Для воинов-амадода настало сложное время. Все на борту «Золотой ветви» было для них чужим, незнакомым. Никто из них раньше даже не видел моря. Они были уверены, что полубаркасы — самые большие суда, созданные когда-либо человеком, и их ошеломили размеры корабля, высота его мачт и размах парусов.
Большинство из них сразу свалились с морской болезнью, и понадобилось много дней, чтобы они встали на ноги. Их желудки бунтовали из-за питания сухими галетами и соленым мясом. Они тосковали по горшкам с просяной кашей и бутылям со смесью крови и молока. Прежде они никогда не оказывались заперты в таком тесном пространстве и теперь чахли без просторов саванны.
Еще они страдали от холода, потому что даже в тропическом море пассаты несли прохладу, а теплое мозамбикское течение было на много градусов холоднее, чем температуры в обожженных солнцем саваннах.
Хэл приказал Алтуде, отвечавшему за корабельные запасы, выдать им по куску парусины, и Эболи показал амадода, как сшить штаны и куртки.
Но вскоре они забыли об этих мелких бедах, когда Эболи разбил их на группы и приказал под надзором Джири, Матеши и Киматти учиться ставить и убирать паруса.
В сотне футов над палубой, над волнующимся морем, на раскачивающейся, словно маятник, грот-мачте эти храбрые воины, каждый из которых уже убил по льву, впервые в жизни были охвачены ужасом.
Эболи забирался туда, где они беспомощно висели на такелаже, и насмехался над ними:
— Вы только посмотрите на этих миленьких невинных девиц! Я думал сначала, что среди них найдется хоть один мужчина, но теперь вижу, что они все приседают, чтобы помочиться!
Потом он выпрямлялся во весь рост на рее и хохотал. Добежав до края, он изображал военный танец.
Один из амадода не смог наконец терпеть насмешки: он разжал пальцы, мертвой хваткой вцепившиеся в канат, и осторожно пошел по рее туда, где стоял Эболи, уперев руки в бока.
— Один мужчина нашелся! — Эболи со смехом обнял его.
В течение следующей недели трое амадода свалились с такелажа, пытаясь одолеть свой страх. Двое упали в море, но прежде чем Хэл успел развернуть корабль и вернуться за ними, их сожрали акулы. Третий рухнул на палубу, и это был самый милосердный конец.
Но потом несчастных случаев больше не случалось, и амадода, с детства привыкшие взбираться на самые высокие деревья в поисках меда и птичьих яиц, довольно быстро стали ловкими матросами.
Когда же Хэл приказал вынести из трюма на палубу связки пик и раздать их амадода, воины взвыли и заплясали от восторга, потому что были прирожденными копьеносцами. Им безумно понравились пики с тяжелыми древками и смертоносными железными наконечниками. Эболи сумел приспособить их привычную тактику и построение к ограниченному пространству палубы «Золотой ветви».
Он научил их классической римской формации, и их щиты смыкались в сплошной ряд, как чешуя броненосца. Таким строем они могли неотвратимо смести врага с палубы его корабля.
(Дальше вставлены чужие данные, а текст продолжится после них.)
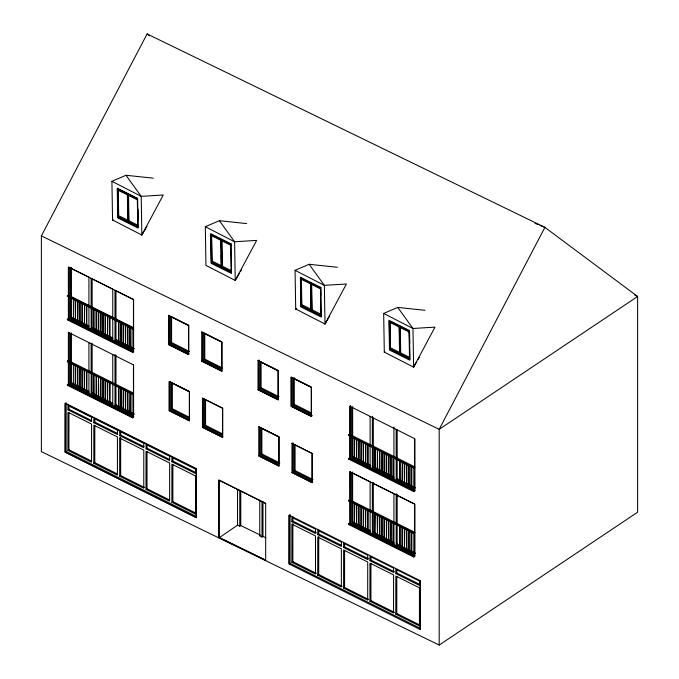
<?xml version="1.0" encoding="UTF-8"?>
<svg xmlns="http://www.w3.org/2000/svg" width="679" height="679" viewBox="0 0 679 679"><rect width="100%" height="100%" fill="white"/><g stroke="black" fill="none" stroke-linecap="round" stroke-linejoin="round"><path stroke-width="1.02" d="M65.167 452.112L65.201 403.301L196.358 468.756L196.324 517.568L65.167 452.112L66.143 451.459L66.177 402.647M67.942 450.415L67.968 412.289L91.589 424.078L91.563 462.204L67.942 450.415L68.919 449.77L68.944 412.696M67.976 409.861L67.976 405.49L91.589 417.279L91.589 421.651L67.976 409.861L68.944 409.208L68.952 405.711M93.812 463.324L93.838 425.198L117.45 436.987L117.425 475.113L93.812 463.324L94.788 462.679L94.814 425.606M93.838 422.771L93.838 418.4L117.459 430.189L117.459 434.56L93.838 422.771L94.814 422.117L94.814 418.62M119.699 438.108L143.795 450.135L143.77 488.26L119.674 476.234L119.699 438.108L120.675 437.454M119.708 435.68L119.708 431.309L143.804 443.336L143.795 447.707L119.708 435.68L120.675 435.027L120.684 431.53M119.674 476.234L120.65 475.589L120.675 438.515M146.019 489.381L146.044 451.255L169.665 463.044L169.64 501.17L146.019 489.381L146.995 488.736L147.02 451.662M146.044 448.827L146.053 444.456L169.665 456.246L169.665 460.617L146.044 448.827L147.02 448.174L147.02 444.677M171.889 502.29L171.914 464.164L195.527 475.954L195.501 514.079L171.889 502.29L172.856 501.645L172.882 464.572M171.914 461.737L171.914 457.366L195.535 469.155L195.527 473.526L171.914 461.737L172.89 461.083L172.89 457.587M289.127 515.174L289.093 563.986L420.284 629.569L420.284 580.74L289.127 515.174L289.127 564.003L290.069 563.341L290.103 514.529M291.868 562.297L291.894 524.171L315.506 535.952L315.48 574.086L291.868 562.297L292.844 561.643L292.87 523.517M291.894 521.744L291.902 517.373L315.514 529.153L315.514 533.524L291.894 521.744L292.87 521.09L292.87 516.719M317.73 575.206L317.764 537.081L341.376 548.861L341.35 586.995L317.73 575.206L318.706 574.553L318.731 536.427M317.764 534.653L317.764 530.282L341.384 542.063L341.376 546.434L317.764 534.653L318.731 534L318.74 529.628M343.599 588.116L343.625 549.99L367.721 562.008L367.695 600.143L343.599 588.116L344.576 587.462L344.601 550.397M343.625 547.563L343.633 543.192L367.721 555.21L367.721 559.581L343.625 547.563L344.601 546.909L344.601 543.412M369.945 601.263L369.97 563.137L393.582 574.918L393.557 613.052L369.945 601.263L370.921 600.609L370.938 563.545M369.97 560.71L369.97 556.339L393.591 568.119L393.591 572.49L369.97 560.71L370.946 560.056L370.946 556.559M395.806 614.172L395.832 576.047L419.452 587.827L419.427 625.962L395.806 614.172L396.782 613.519L396.808 576.454M395.84 573.619L395.84 569.248L419.452 581.029L419.452 585.4L395.84 573.619L396.808 572.966L396.816 569.469M420.25 629.45L420.284 580.638M68.689 319.368L68.333 319.444M73.417 298.59L72.899 298.573L73.417 298.59L73.417 321.642L72.899 321.625L73.391 321.719M68.333 384.798L68.537 384.857M75.666 299.719L75.42 322.924L75.14 299.736M77.915 300.839L77.669 324.053L77.762 300.712M77.389 323.908L77.915 323.891M79.638 301.985L80.164 301.968L79.638 301.985L79.918 325.173L80.164 303.012M75.148 365.183L75.658 365.124L75.352 388.337L75.14 365.149L75.658 365.124M79.638 325.037L80.164 325.012M73.408 387.047L72.891 387.072L73.408 387.047L73.408 364.003M82.414 303.089L82.167 326.302L81.887 303.114M84.663 304.022L84.417 327.422L84.51 303.895M75.658 388.218L75.148 388.235M77.389 389.322L77.907 389.296L77.389 389.322L77.389 366.27M80.156 367.373L79.918 390.586L79.808 367.246M84.137 327.286L84.663 327.261M86.386 305.363L86.912 305.338L86.386 305.363L86.666 328.551L86.912 306.39M79.638 390.442L80.156 390.425M81.93 368.595L82.405 368.502L82.167 391.707L81.887 368.519L82.405 368.502M86.386 328.407L86.912 328.39M81.887 391.571L82.405 391.545M84.654 369.427L84.417 392.835L84.137 369.452M86.904 370.751L86.666 393.956L86.556 370.615M94.058 308.843L93.821 332.048L93.541 308.86L94.05 308.801M86.386 393.82L86.904 393.795M93.541 331.912L94.058 331.887M96.002 333.211L96.24 310.006L96.52 333.194L96.002 333.211L96.494 333.27M96.52 310.142L96.002 310.167M98.251 334.34L98.251 311.288L98.769 311.305L98.769 334.314L98.251 334.34L98.769 334.314M101.018 312.391L100.772 335.604L100.806 312.255M93.685 397.529L93.541 374.273M96.52 375.555L96.274 398.76L96.062 375.462M93.626 397.419L94.058 397.3L94.058 374.248M100.5 335.46L101.018 335.443M102.75 313.537L103.267 313.52L103.021 336.725L102.75 313.537L103.267 313.554M95.994 398.624L96.52 398.598M98.243 399.744L98.489 376.539L98.769 399.727L98.243 399.744L98.744 399.804M102.75 336.589L103.267 336.563M98.769 376.675L98.285 376.769M105.517 314.64L105.27 337.853L104.999 314.666L105.491 314.716M107.766 315.76L107.52 338.974L107.621 315.642M101.018 377.804L100.772 401.009L100.492 377.821M103.267 378.924L103.021 402.138L102.86 378.814M107.248 338.838L107.766 338.813M102.741 401.993L103.267 401.976M104.99 380.07L105.517 380.053L105.27 403.258L104.99 380.07L105.517 380.053M110.015 317.747L109.769 340.103L109.497 316.711M104.99 403.122L105.517 403.097M107.766 381.174L107.52 404.387L107.24 381.199M110.015 382.099L109.769 405.507L109.667 381.971M109.489 405.371L110.015 405.346M118.986 344.516L118.494 344.457L119.012 344.431L119.012 321.388M121.261 322.508L121.015 345.721L120.743 322.533L121.218 322.44M120.743 345.577L121.261 345.56M123.001 323.696L123.51 323.637L123.264 346.842L123.052 323.543M118.961 386.724L118.766 410.006L118.604 386.682M122.992 346.706L123.51 346.68M125.759 324.562L125.513 347.971L125.267 324.511M119.003 386.835L118.502 386.852M118.486 409.87L119.012 409.844M125.242 347.826L125.759 347.809M128.008 325.886L127.762 349.091L127.491 325.903L127.992 325.844M121.235 411.041L120.735 410.99L121.261 410.965L121.261 387.921M123.51 389.042L123.264 412.255L123.23 388.906M127.491 348.955L128.008 348.93M130.258 327.006L129.74 327.032L130.012 350.22L130.113 326.879M122.984 412.111L123.51 412.094M129.74 350.075L130.258 350.058M132.015 351.128L132.507 351.221L131.989 351.204L132.049 327.889M125.759 391.028L125.513 413.375L125.233 389.992M127.482 414.36L128.008 414.343L127.499 414.402L127.482 391.316M130.258 392.42L130.012 415.624L130.045 392.275M129.731 415.489L130.258 415.463M131.998 416.651L132.507 416.592L131.998 416.651L131.981 393.404M349.413 458.571L349.957 458.444L349.481 458.546M354.082 460.846L354.328 437.632L354.599 460.82L354.082 460.846L354.574 460.897M354.599 437.768L354.082 437.794M349.957 500.805L349.413 500.924M349.677 523.713L349.957 523.857M356.848 438.897L356.611 462.11L356.331 438.914L356.823 438.974M359.098 440.017L358.86 463.231L358.826 439.882M354.599 503.181L354.353 526.395L354.107 503.122M358.58 463.095L359.098 463.07M361.347 442.19L361.109 464.351L361.007 441.011M354.082 526.25L354.599 526.233M356.848 505.354L356.602 527.515L356.331 504.327L356.806 504.234M360.829 464.215L361.347 464.19M356.331 527.379L356.848 527.354M363.596 442.267L363.358 465.48L363.078 442.292M365.845 444.253L365.608 466.6L365.642 443.056M359.098 505.431L358.851 528.635L358.58 505.448M365.327 466.465L365.845 466.439M368.094 445.568L367.857 467.729L367.687 444.406M361.347 506.551L361.101 529.764L360.888 506.466M363.503 507.578L363.35 530.885L363.248 507.544M367.577 467.585L368.094 467.568M363.596 507.68L363.078 507.697M363.078 530.749L363.596 530.723M365.845 508.605L365.599 532.013L365.327 508.63M368.094 509.929L367.848 533.134L367.687 509.81M375.249 448.021L375.012 471.226L374.732 448.038L375.164 447.911M367.577 532.998L368.094 532.973M374.732 471.09L375.249 471.065M377.201 472.431L377.431 449.184L377.711 472.372L377.193 472.355L377.711 472.372M377.711 449.32L377.184 449.345M379.451 450.508L379.934 450.525L379.714 473.653L379.434 450.466M382.209 451.569L381.963 474.782L381.929 451.433M374.876 536.707L375.249 513.426M381.683 474.638L382.209 474.621M383.932 452.715L384.458 452.698L383.949 452.757L384.212 475.903L384.458 453.742M377.702 514.733L377.465 537.938L377.184 514.75M379.951 516.906L379.714 539.067L379.434 515.879L379.909 515.785M383.932 475.767L384.458 475.741M379.434 538.922L379.951 538.905M386.198 476.93L386.181 453.844L386.682 453.895L386.707 476.87L386.198 476.93L386.707 476.87M388.957 454.947L388.711 478.152L388.744 454.803M382.201 516.982L381.963 540.187L381.683 516.999M383.958 518.052L384.212 541.316L384.45 518.102M388.43 478.016L388.957 477.991M383.932 541.171L384.45 541.155M386.699 520.275L386.461 542.436L386.359 519.096M391.206 456.925L390.96 479.281L390.68 455.898M386.181 542.3L386.699 542.275M392.929 480.265L393.455 480.24L392.946 480.299L392.929 457.213M388.948 520.352L388.711 543.565L388.43 520.377M391.197 522.338L390.96 544.685L390.739 521.192M390.68 544.55L391.197 544.524M392.954 545.593L393.447 545.687L392.929 545.67L393.039 522.49M399.693 483.677L400.203 483.618L399.693 483.677L399.676 460.583M402.452 461.686L402.206 484.899L402.308 461.567M401.926 484.764L402.452 484.738M404.701 463.859L404.455 486.028L404.243 462.73M400.109 525.869L399.956 549.184L399.736 525.885M400.194 526.013L399.693 526.038M404.175 485.884L404.701 485.867M399.676 549.048L400.194 549.022M406.95 463.74L406.704 487.149L406.424 463.765M409.199 465.064L408.953 488.269L408.673 465.081L409.106 464.962M401.926 550.168L402.443 550.151L401.926 550.168L401.926 527.116M404.692 528.22L404.455 551.433L404.353 528.092M408.673 488.133L409.199 488.108M411.44 466.227L410.922 466.21L411.202 489.398L411.449 467.237M404.175 551.297L404.692 551.272M410.922 489.253L411.449 489.236M406.942 529.153L406.704 552.562L406.424 529.17M413.18 490.34L413.689 490.399L413.172 490.382L413.172 467.177M409.191 530.469L408.953 553.682L408.673 530.494M411.44 531.598L411.202 554.802L411.16 531.453M410.922 554.667L411.44 554.641M413.172 555.787L413.689 555.77L413.172 555.787L413.172 532.582M41.377 235.91L147.097 33.95L544.906 227.38L637.623 296.485L637.623 512.195L439.194 645.05L41.377 451.62L41.377 235.91L439.194 429.34L637.623 296.485L634.763 295.102M112.553 219.996L111.916 181.318L141.215 196.35L163.257 194.992L141.852 235.027L112.553 219.996L112.943 219.258L112.553 219.954M295.704 309.013L295.068 270.335L324.367 285.358L346.4 284L325.003 324.036L295.704 309.013L296.095 308.266L295.704 308.962M235.24 280.435L256.645 240.4L234.611 241.758L205.313 226.727L205.949 265.404L235.24 280.435L234.611 241.758L219.368 220.683L205.313 226.727M413.604 367.161L435.001 327.125L412.968 328.483L383.669 313.452L384.306 352.138L413.604 367.161L412.968 328.483L397.733 307.409L383.669 313.452M68.273 319.215L68.706 319.376M75.148 322.746L75.666 322.763M81.896 326.124L82.414 326.141M71.159 362.917L70.684 362.976M68.18 384.679L68.749 384.637M104.999 337.675L105.517 337.692M109.497 339.924L110.015 339.941M84.137 392.657L84.654 392.674M93.541 397.283L94.058 397.3M100.5 400.831L101.018 400.848M107.248 404.209L107.766 404.226M125.242 413.197L125.759 413.214M349.957 458.486L349.524 458.622M356.331 461.924L356.848 461.941M363.078 465.302L363.596 465.319M349.371 500.813L349.948 500.847M379.442 473.475L379.96 473.492M358.58 528.457L359.098 528.474M360.829 529.586L361.347 529.603M390.688 479.102L391.206 479.119M365.327 531.835L365.845 531.852M377.184 537.76L377.702 537.776M406.432 486.97L406.95 486.987M381.683 540.009L382.201 540.026M388.43 543.387L388.948 543.404M406.424 552.375L406.942 552.392M408.673 553.504L409.191 553.521M141.852 234.866L146.987 226.294M235.24 280.274L239.297 273.501M240.374 271.71L241.452 269.911M324.995 323.875L329.595 316.21M413.604 366.999L416.583 362.026M418.196 359.335L419.274 357.536M75.598 299.829L75.157 299.779M82.388 303.165L81.93 303.182M93.999 308.945L93.541 308.86M77.847 366.363L77.474 366.371M127.983 325.962L127.499 325.945M88.745 371.761L89.068 371.769M100.95 377.914L100.509 377.863M107.698 381.284L107.282 381.267M391.138 455.982L390.697 455.932M397.928 459.36L397.478 459.377M352.291 502.163L351.841 502.121M356.789 504.412L356.373 504.404M359.038 505.541L358.622 505.524M375.224 536.554L374.774 536.571M136.937 198.387L128.204 194.024L127.703 194.355L128.161 222.194L128.662 221.863L138.27 226.659L137.778 226.99L117.976 217.11L117.518 189.271L118.019 188.949L126.965 193.413M117.976 217.11L118.477 216.788L118.019 188.949M128.314 221.694L127.822 222.025L127.363 194.186L127.856 193.855L128.314 221.694L118.477 216.788M67.399 295.781L68.375 295.136L133.602 327.736L132.626 328.899L67.399 296.299L67.399 295.781L132.626 328.39M67.399 296.299L68.375 295.645M67.399 319.3L68.375 318.646L133.602 351.255L132.626 352.418L67.399 319.809L67.399 319.3L132.626 351.909M67.399 319.809L69.351 318.51L69.351 267.331M221.244 239.263L220.751 239.594L221.21 267.433L221.702 267.102L221.498 254.735M221.592 239.441L221.099 239.763L221.558 267.602L222.05 267.28L221.609 240.468M92.14 278.814L92.14 327.558L91.164 328.203L112.756 338.999M230.707 244.567L210.914 234.688L211.373 262.527L231.166 272.398L230.707 244.567L231.208 244.236M211.373 262.527L211.865 262.196L211.407 234.357M92.132 343.167L91.164 343.82L91.164 394.83M67.399 361.194L68.367 360.541L133.593 393.149L132.626 394.312L67.399 361.703L67.399 361.194L132.626 393.795M67.399 361.703L68.367 361.058M115.982 290.739L115.982 339.475L115.006 340.128L133.449 349.346L133.449 299.549L115.006 290.323L115.006 341.342M132.626 328.899L133.602 328.254L82.558 302.732M67.399 384.704L68.367 384.059L133.593 416.668L132.626 417.831L67.399 385.222L67.399 384.704L132.626 417.313M67.399 385.222L69.343 383.924L69.343 332.744M132.626 352.418L133.602 351.773L133.602 299.541L68.375 266.94L68.375 319.164L72.152 321.057M92.132 344.228L92.132 392.963L91.164 393.616L112.756 404.412M301.128 306.127L300.67 278.288L301.162 277.957L301.62 305.796L301.128 306.127L320.921 316.007L321.422 315.676L321.32 309.488M115.973 355.083L115.973 404.888L115.006 405.533L133.449 414.75L133.449 364.954M132.626 394.312L133.593 393.659M320.921 316.007L320.471 288.168L320.963 287.837M132.626 417.831L133.593 417.178L133.593 364.954L68.367 332.345L68.367 384.569M311.135 291.113L311.457 310.702L310.965 311.033L310.507 283.194M311.805 310.88L311.313 311.203L310.855 283.364L311.347 283.041L311.805 310.88L321.422 315.676M389.271 321.413L389.771 321.082L390.23 348.921L389.729 349.252L409.53 359.132L409.072 331.293L389.271 321.413L389.729 349.252M399.948 326.166L399.456 326.489L399.914 354.328L400.406 354.005L399.948 326.166L407.816 330.087M400.067 353.827L399.575 354.158L399.116 326.319L399.608 325.988L399.931 345.586M348.59 434.959L349.566 434.314L414.793 466.914L413.817 468.077L348.59 435.477L348.59 434.959L413.817 467.568M348.59 435.477L349.566 434.823M348.59 458.478L349.566 457.824L414.793 490.433L413.817 491.596L348.59 458.996L348.59 458.478L413.817 491.087M348.59 458.996L350.534 457.697L350.534 405.465M373.331 418.001L373.331 466.736L372.355 467.381L393.947 478.177M372.355 534.008L372.355 482.998L373.323 482.345M348.59 500.372L349.558 499.719L414.784 532.328L413.817 533.49L348.59 500.881L348.59 500.372L413.817 532.973M348.59 500.881L349.558 500.236L353.343 502.121M397.173 429.917L397.173 478.653L396.197 479.306L414.64 488.524L414.64 438.727M413.817 468.077L414.793 467.432M348.59 523.882L349.558 523.237L414.784 555.846L413.817 557.009L348.59 524.4L348.59 523.882L413.817 556.491M348.59 524.4L350.534 523.102L350.534 471.922M413.817 491.596L414.793 490.951L414.793 438.719L349.566 406.118L349.566 458.342L353.343 460.235M373.323 483.406L373.323 532.141L372.355 532.794L393.947 543.59M397.164 494.261L397.164 544.066L396.197 544.711L414.64 553.928L414.64 504.132L396.197 494.915M413.817 533.49L414.784 532.837M413.817 557.009L414.784 556.356L414.784 504.132L349.558 471.523L349.685 523.738M169.487 315.718L169.487 343.829L168.511 344.482L188.728 354.616L188.728 325.47L168.511 315.328L168.485 344.499L188.728 354.616M170.607 343.175L170.607 316.456L188.575 325.47L188.575 352.189L170.607 343.175L171.583 342.53L171.583 316.838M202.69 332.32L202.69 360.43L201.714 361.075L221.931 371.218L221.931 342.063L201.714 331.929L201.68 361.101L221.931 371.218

Хэл приказал установить под полубаком в качестве мишеней тяжелые маты из пакли. Как только амадода привыкли к весу и балансу тяжелых пик, они стали метать их на всю длину корабля, и железные наконечники вонзались в грубую паклю до самого древка. Они так увлеклись упражнениями, что двоих закололи насмерть на глазах у Эболи, хотя во время тренировочного боя никто не должен был погибнуть.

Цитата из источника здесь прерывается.